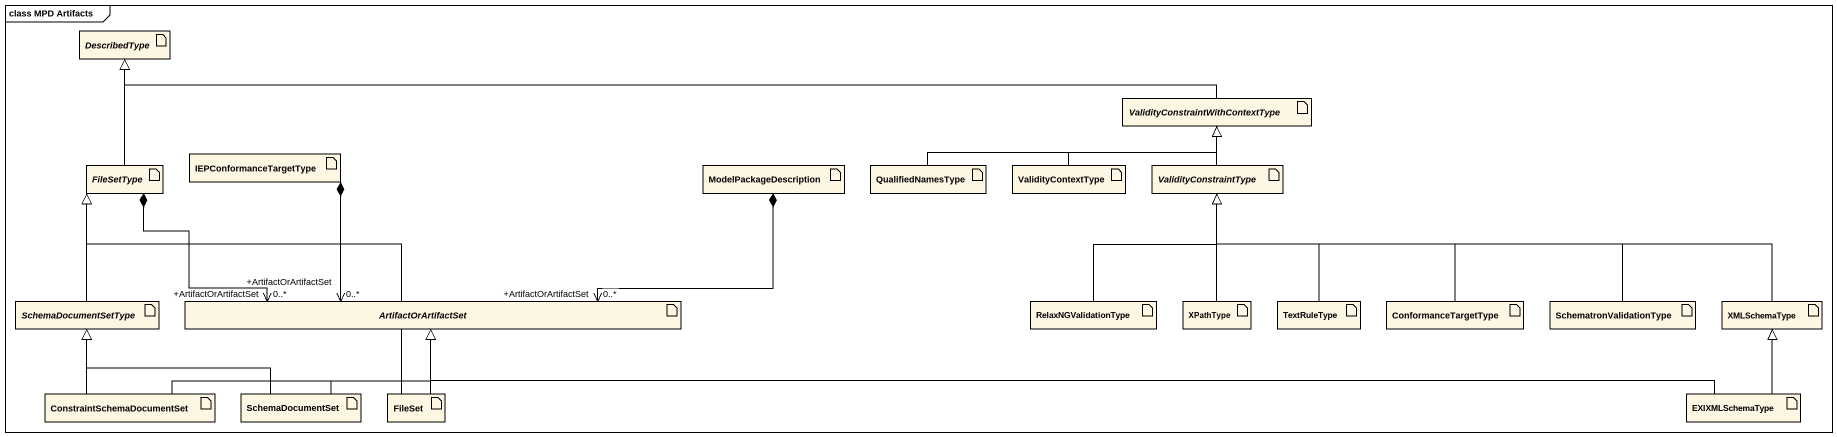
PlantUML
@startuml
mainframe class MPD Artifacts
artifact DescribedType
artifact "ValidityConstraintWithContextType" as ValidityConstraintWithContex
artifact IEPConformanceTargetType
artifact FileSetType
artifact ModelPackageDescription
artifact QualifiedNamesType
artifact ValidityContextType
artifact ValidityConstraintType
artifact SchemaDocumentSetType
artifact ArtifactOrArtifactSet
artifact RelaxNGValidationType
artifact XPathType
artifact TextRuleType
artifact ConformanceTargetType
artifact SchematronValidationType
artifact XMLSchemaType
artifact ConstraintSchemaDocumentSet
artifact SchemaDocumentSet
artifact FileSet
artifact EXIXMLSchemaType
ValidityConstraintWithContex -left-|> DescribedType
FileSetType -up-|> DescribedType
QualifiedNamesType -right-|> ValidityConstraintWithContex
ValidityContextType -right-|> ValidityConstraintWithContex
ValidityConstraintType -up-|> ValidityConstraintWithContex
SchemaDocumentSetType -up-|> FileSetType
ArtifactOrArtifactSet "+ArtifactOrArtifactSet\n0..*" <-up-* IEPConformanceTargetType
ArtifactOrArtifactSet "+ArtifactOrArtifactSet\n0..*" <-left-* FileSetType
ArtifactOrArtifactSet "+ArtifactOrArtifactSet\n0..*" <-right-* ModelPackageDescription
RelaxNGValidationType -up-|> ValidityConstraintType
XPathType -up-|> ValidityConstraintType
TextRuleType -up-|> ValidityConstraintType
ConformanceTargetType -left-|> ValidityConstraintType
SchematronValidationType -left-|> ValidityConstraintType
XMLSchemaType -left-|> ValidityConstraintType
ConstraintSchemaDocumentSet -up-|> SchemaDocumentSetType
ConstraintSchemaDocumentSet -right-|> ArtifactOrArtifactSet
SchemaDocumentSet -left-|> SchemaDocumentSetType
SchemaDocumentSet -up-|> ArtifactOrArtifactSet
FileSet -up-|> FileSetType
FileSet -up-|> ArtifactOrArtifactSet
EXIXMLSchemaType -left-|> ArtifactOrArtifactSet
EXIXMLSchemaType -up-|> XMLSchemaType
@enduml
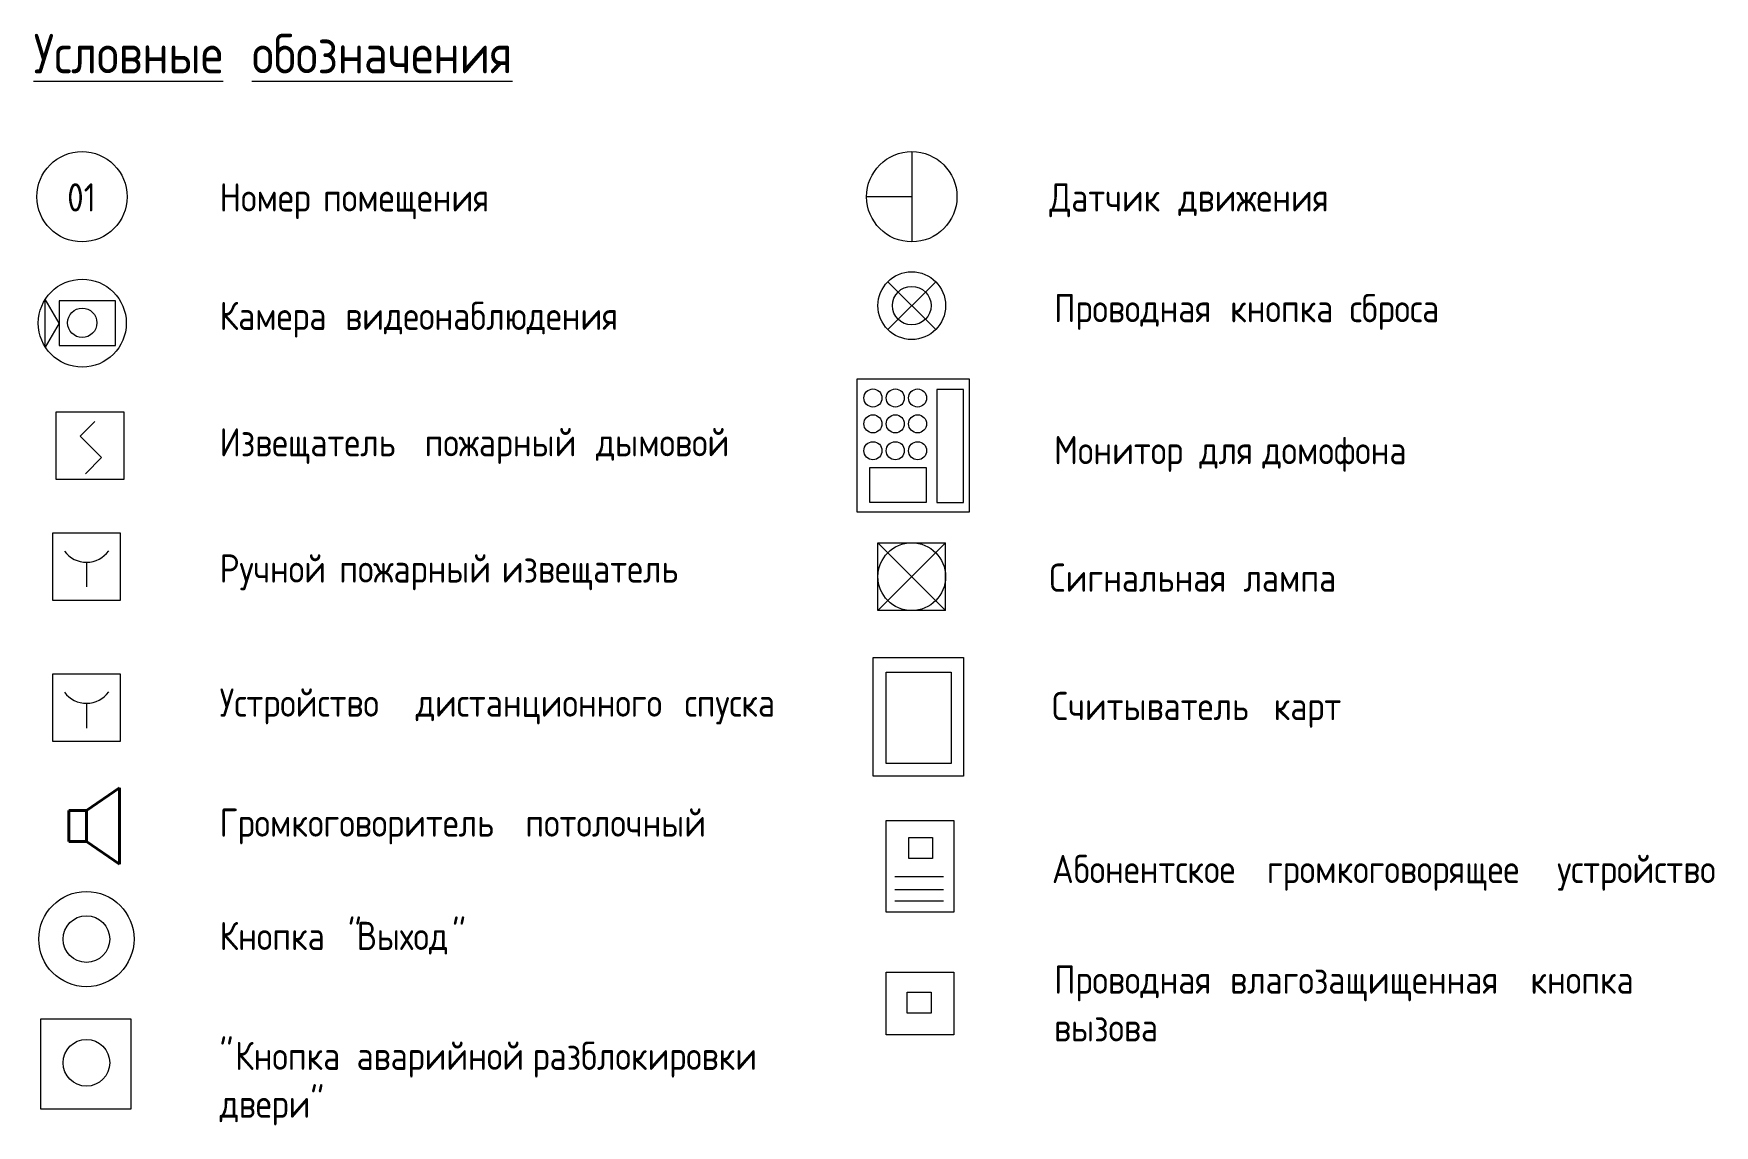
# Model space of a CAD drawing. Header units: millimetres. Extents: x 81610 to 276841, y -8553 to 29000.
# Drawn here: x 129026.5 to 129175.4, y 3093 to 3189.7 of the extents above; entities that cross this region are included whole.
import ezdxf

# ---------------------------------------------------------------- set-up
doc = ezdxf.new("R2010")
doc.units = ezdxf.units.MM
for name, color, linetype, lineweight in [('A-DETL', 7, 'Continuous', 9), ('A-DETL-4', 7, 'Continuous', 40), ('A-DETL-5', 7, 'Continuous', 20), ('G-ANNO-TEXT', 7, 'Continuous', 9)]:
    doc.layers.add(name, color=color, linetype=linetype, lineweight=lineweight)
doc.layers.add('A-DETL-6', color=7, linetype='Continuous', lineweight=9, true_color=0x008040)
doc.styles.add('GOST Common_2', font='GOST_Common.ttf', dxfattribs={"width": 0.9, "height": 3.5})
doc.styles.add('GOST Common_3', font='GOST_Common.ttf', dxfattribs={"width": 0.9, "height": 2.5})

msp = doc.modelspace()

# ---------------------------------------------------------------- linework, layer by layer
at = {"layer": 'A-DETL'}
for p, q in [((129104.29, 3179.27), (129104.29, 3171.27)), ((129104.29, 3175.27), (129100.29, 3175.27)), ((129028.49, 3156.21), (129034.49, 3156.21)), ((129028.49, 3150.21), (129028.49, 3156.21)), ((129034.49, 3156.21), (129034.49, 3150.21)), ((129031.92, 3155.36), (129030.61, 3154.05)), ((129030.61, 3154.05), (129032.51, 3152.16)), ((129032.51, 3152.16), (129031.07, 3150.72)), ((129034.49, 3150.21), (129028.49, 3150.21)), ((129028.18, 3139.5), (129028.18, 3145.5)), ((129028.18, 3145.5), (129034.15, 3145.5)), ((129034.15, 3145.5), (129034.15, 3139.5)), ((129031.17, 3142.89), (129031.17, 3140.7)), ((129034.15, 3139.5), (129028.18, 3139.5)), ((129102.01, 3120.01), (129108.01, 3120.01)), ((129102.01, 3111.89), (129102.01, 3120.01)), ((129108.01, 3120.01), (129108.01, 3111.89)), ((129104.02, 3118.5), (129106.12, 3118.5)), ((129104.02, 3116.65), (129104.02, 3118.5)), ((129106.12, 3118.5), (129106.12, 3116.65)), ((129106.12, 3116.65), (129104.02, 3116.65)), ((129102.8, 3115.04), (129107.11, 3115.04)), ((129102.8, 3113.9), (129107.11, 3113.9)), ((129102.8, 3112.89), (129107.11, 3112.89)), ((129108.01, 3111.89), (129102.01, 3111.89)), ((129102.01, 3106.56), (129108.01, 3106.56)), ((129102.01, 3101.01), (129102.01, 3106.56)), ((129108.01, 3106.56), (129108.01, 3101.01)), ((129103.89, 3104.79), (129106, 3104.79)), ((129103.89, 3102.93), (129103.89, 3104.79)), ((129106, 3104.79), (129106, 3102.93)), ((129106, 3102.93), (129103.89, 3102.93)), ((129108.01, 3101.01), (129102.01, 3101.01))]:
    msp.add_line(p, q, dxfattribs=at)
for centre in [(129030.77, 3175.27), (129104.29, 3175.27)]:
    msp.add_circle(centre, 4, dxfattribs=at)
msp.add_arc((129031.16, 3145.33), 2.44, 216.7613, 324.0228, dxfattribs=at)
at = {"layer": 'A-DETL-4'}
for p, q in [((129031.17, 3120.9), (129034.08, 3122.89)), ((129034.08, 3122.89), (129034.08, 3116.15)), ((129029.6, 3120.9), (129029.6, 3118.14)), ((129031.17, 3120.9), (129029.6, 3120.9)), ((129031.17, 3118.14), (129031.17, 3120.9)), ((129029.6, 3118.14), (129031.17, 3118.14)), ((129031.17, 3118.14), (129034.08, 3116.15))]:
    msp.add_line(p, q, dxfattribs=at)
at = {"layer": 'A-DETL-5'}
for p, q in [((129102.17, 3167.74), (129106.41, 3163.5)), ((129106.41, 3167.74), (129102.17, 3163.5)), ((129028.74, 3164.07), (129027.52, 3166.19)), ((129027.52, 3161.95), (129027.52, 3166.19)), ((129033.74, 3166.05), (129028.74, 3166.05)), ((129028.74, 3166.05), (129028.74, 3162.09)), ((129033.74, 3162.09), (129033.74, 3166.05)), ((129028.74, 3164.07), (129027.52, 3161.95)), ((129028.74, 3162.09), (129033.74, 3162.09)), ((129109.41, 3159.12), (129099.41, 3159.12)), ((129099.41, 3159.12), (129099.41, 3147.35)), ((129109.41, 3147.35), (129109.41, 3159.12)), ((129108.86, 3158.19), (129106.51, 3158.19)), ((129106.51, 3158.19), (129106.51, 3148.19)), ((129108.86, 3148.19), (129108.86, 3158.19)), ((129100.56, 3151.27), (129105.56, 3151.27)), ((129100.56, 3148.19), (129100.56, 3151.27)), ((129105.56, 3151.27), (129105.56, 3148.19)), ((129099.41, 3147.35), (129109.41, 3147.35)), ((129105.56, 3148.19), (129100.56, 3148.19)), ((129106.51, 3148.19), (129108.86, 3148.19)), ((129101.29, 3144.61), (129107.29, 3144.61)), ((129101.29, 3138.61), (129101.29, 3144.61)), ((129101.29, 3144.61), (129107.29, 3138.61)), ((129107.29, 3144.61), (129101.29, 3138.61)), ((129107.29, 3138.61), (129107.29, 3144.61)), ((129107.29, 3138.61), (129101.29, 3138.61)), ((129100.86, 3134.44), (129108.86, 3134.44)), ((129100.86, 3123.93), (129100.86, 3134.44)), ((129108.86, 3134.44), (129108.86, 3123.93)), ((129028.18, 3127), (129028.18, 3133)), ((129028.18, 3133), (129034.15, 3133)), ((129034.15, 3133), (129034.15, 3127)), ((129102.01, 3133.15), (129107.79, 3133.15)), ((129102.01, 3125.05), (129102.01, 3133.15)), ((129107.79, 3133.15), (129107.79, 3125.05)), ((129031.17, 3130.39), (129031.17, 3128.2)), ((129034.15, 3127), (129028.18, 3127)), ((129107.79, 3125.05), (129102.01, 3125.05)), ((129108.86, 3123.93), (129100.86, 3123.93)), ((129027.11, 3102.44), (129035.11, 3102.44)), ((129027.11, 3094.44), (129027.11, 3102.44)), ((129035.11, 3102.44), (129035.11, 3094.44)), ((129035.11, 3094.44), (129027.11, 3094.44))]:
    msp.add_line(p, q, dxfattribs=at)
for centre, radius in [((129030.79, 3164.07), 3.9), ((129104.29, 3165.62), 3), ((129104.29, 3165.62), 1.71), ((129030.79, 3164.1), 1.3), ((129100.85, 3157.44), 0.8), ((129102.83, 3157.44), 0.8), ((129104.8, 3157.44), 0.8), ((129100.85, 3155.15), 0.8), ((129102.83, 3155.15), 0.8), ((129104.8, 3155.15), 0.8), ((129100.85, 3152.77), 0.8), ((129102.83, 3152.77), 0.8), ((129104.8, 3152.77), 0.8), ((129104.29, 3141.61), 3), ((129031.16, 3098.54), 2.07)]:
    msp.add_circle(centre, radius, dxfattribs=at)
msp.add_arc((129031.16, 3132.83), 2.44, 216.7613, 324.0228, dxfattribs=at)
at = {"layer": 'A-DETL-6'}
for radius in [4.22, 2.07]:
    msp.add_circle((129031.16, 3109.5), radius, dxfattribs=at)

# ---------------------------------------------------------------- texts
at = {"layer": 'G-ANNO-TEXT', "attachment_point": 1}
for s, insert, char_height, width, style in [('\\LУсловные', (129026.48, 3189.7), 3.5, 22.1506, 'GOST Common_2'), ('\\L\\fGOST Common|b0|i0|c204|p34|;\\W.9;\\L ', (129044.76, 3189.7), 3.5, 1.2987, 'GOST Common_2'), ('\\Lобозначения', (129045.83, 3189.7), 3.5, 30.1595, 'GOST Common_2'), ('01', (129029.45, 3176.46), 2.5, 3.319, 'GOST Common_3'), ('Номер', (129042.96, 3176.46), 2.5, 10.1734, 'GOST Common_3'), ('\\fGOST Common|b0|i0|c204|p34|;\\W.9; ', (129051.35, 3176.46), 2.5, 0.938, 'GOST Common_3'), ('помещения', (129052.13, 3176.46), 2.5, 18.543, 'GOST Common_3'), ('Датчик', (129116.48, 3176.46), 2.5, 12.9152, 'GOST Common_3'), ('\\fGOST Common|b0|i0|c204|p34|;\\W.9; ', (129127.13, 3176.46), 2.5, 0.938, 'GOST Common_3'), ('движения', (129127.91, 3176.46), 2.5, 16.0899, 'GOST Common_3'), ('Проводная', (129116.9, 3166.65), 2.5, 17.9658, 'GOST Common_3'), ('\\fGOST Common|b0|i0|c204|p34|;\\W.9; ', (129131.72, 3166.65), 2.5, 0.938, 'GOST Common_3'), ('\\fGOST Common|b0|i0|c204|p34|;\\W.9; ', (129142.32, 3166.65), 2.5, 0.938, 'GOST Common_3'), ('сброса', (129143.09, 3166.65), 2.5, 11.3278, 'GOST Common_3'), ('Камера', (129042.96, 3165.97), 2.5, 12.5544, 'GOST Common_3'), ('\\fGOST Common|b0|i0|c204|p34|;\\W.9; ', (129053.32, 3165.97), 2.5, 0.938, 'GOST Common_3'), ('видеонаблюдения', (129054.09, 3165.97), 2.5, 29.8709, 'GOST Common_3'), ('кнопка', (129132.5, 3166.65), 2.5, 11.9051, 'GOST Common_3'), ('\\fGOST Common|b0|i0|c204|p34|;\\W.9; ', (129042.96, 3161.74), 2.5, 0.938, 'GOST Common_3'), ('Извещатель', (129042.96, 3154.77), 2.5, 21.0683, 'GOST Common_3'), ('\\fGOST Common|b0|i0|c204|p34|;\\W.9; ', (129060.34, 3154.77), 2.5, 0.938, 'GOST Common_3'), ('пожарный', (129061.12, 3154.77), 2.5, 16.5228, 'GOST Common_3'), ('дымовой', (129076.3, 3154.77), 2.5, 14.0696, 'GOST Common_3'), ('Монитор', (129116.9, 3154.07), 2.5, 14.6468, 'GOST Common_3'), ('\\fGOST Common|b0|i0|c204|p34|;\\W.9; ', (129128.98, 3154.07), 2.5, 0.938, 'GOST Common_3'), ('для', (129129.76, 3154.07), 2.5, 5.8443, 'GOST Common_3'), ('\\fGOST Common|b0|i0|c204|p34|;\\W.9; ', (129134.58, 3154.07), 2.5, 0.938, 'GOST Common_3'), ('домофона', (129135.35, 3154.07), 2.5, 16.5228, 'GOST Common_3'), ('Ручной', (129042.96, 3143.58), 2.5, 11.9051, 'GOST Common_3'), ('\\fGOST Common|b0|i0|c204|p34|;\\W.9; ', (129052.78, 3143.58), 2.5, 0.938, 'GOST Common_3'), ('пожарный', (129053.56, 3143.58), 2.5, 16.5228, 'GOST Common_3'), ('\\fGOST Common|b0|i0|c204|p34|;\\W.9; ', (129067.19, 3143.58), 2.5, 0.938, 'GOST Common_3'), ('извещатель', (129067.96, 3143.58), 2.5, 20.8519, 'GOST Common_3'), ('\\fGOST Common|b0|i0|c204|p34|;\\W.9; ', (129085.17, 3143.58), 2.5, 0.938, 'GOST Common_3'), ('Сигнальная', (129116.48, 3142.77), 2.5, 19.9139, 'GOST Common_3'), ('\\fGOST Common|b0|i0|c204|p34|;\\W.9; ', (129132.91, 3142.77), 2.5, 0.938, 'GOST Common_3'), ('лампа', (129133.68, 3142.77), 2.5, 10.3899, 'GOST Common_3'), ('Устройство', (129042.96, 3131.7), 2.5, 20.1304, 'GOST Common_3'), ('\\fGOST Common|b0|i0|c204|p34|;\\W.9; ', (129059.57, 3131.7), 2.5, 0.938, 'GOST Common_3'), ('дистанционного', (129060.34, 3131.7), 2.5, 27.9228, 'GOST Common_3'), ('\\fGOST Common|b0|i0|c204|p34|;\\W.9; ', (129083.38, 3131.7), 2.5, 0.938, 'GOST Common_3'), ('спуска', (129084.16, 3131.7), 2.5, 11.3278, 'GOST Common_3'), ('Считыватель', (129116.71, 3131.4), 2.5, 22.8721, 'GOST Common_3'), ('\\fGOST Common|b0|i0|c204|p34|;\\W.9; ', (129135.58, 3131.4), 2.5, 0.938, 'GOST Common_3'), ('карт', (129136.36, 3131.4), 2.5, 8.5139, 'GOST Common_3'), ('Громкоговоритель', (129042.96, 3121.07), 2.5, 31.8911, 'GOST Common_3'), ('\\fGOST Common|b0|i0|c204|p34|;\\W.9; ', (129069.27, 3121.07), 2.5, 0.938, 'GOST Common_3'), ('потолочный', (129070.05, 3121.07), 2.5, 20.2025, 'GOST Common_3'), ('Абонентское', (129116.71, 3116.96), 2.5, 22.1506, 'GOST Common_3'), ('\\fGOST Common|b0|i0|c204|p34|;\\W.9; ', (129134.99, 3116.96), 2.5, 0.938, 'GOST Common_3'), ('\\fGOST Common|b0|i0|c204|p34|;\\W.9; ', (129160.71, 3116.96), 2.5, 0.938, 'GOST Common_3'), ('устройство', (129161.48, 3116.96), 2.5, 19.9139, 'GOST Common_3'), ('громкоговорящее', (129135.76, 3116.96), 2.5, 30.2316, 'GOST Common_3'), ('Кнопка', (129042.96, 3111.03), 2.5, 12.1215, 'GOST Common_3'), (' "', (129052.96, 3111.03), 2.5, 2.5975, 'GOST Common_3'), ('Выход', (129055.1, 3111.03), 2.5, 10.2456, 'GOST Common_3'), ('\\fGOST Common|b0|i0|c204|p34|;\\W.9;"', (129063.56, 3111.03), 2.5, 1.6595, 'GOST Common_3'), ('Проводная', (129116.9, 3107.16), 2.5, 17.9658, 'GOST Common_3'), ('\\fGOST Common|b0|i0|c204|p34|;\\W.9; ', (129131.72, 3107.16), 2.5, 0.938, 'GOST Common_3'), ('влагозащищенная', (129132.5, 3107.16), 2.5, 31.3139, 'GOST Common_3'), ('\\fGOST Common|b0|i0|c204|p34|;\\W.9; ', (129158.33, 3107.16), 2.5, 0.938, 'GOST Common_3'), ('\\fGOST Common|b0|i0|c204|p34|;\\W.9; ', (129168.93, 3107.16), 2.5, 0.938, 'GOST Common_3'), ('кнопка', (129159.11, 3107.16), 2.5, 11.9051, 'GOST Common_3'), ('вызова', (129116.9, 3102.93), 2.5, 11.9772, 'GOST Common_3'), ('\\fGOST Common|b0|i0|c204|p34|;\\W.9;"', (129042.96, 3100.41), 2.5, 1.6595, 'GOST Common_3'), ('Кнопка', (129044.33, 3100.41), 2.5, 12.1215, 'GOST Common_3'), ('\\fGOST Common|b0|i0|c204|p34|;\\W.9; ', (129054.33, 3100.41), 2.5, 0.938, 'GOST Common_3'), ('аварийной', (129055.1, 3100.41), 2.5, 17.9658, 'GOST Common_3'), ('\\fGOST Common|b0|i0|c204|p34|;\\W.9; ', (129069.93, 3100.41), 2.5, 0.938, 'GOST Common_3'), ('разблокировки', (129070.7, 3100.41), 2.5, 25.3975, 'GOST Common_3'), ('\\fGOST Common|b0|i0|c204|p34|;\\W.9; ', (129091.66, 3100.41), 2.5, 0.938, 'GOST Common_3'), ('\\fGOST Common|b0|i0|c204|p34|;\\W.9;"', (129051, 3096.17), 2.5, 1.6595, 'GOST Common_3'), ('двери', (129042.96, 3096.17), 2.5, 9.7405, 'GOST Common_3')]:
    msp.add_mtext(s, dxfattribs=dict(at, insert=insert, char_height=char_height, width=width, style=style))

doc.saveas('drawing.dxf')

+++++

Assignment ::
Each line between the one holding "TextRuleType -up-|> ValidityConstraintType" and the one holding "doc.units = ezdxf.units.MM", inclusive, should be copied exactly as it appears above, and pictures should be omitted.

Solution for this task ::
TextRuleType -up-|> ValidityConstraintType
ConformanceTargetType -left-|> ValidityConstraintType
SchematronValidationType -left-|> ValidityConstraintType
XMLSchemaType -left-|> ValidityConstraintType
ConstraintSchemaDocumentSet -up-|> SchemaDocumentSetType
ConstraintSchemaDocumentSet -right-|> ArtifactOrArtifactSet
SchemaDocumentSet -left-|> SchemaDocumentSetType
SchemaDocumentSet -up-|> ArtifactOrArtifactSet
FileSet -up-|> FileSetType
FileSet -up-|> ArtifactOrArtifactSet
EXIXMLSchemaType -left-|> ArtifactOrArtifactSet
EXIXMLSchemaType -up-|> XMLSchemaType
@enduml
# Model space of a CAD drawing. Header units: millimetres. Extents: x 81610 to 276841, y -8553 to 29000.
# Drawn here: x 129026.5 to 129175.4, y 3093 to 3189.7 of the extents above; entities that cross this region are included whole.
import ezdxf

# ---------------------------------------------------------------- set-up
doc = ezdxf.new("R2010")
doc.units = ezdxf.units.MM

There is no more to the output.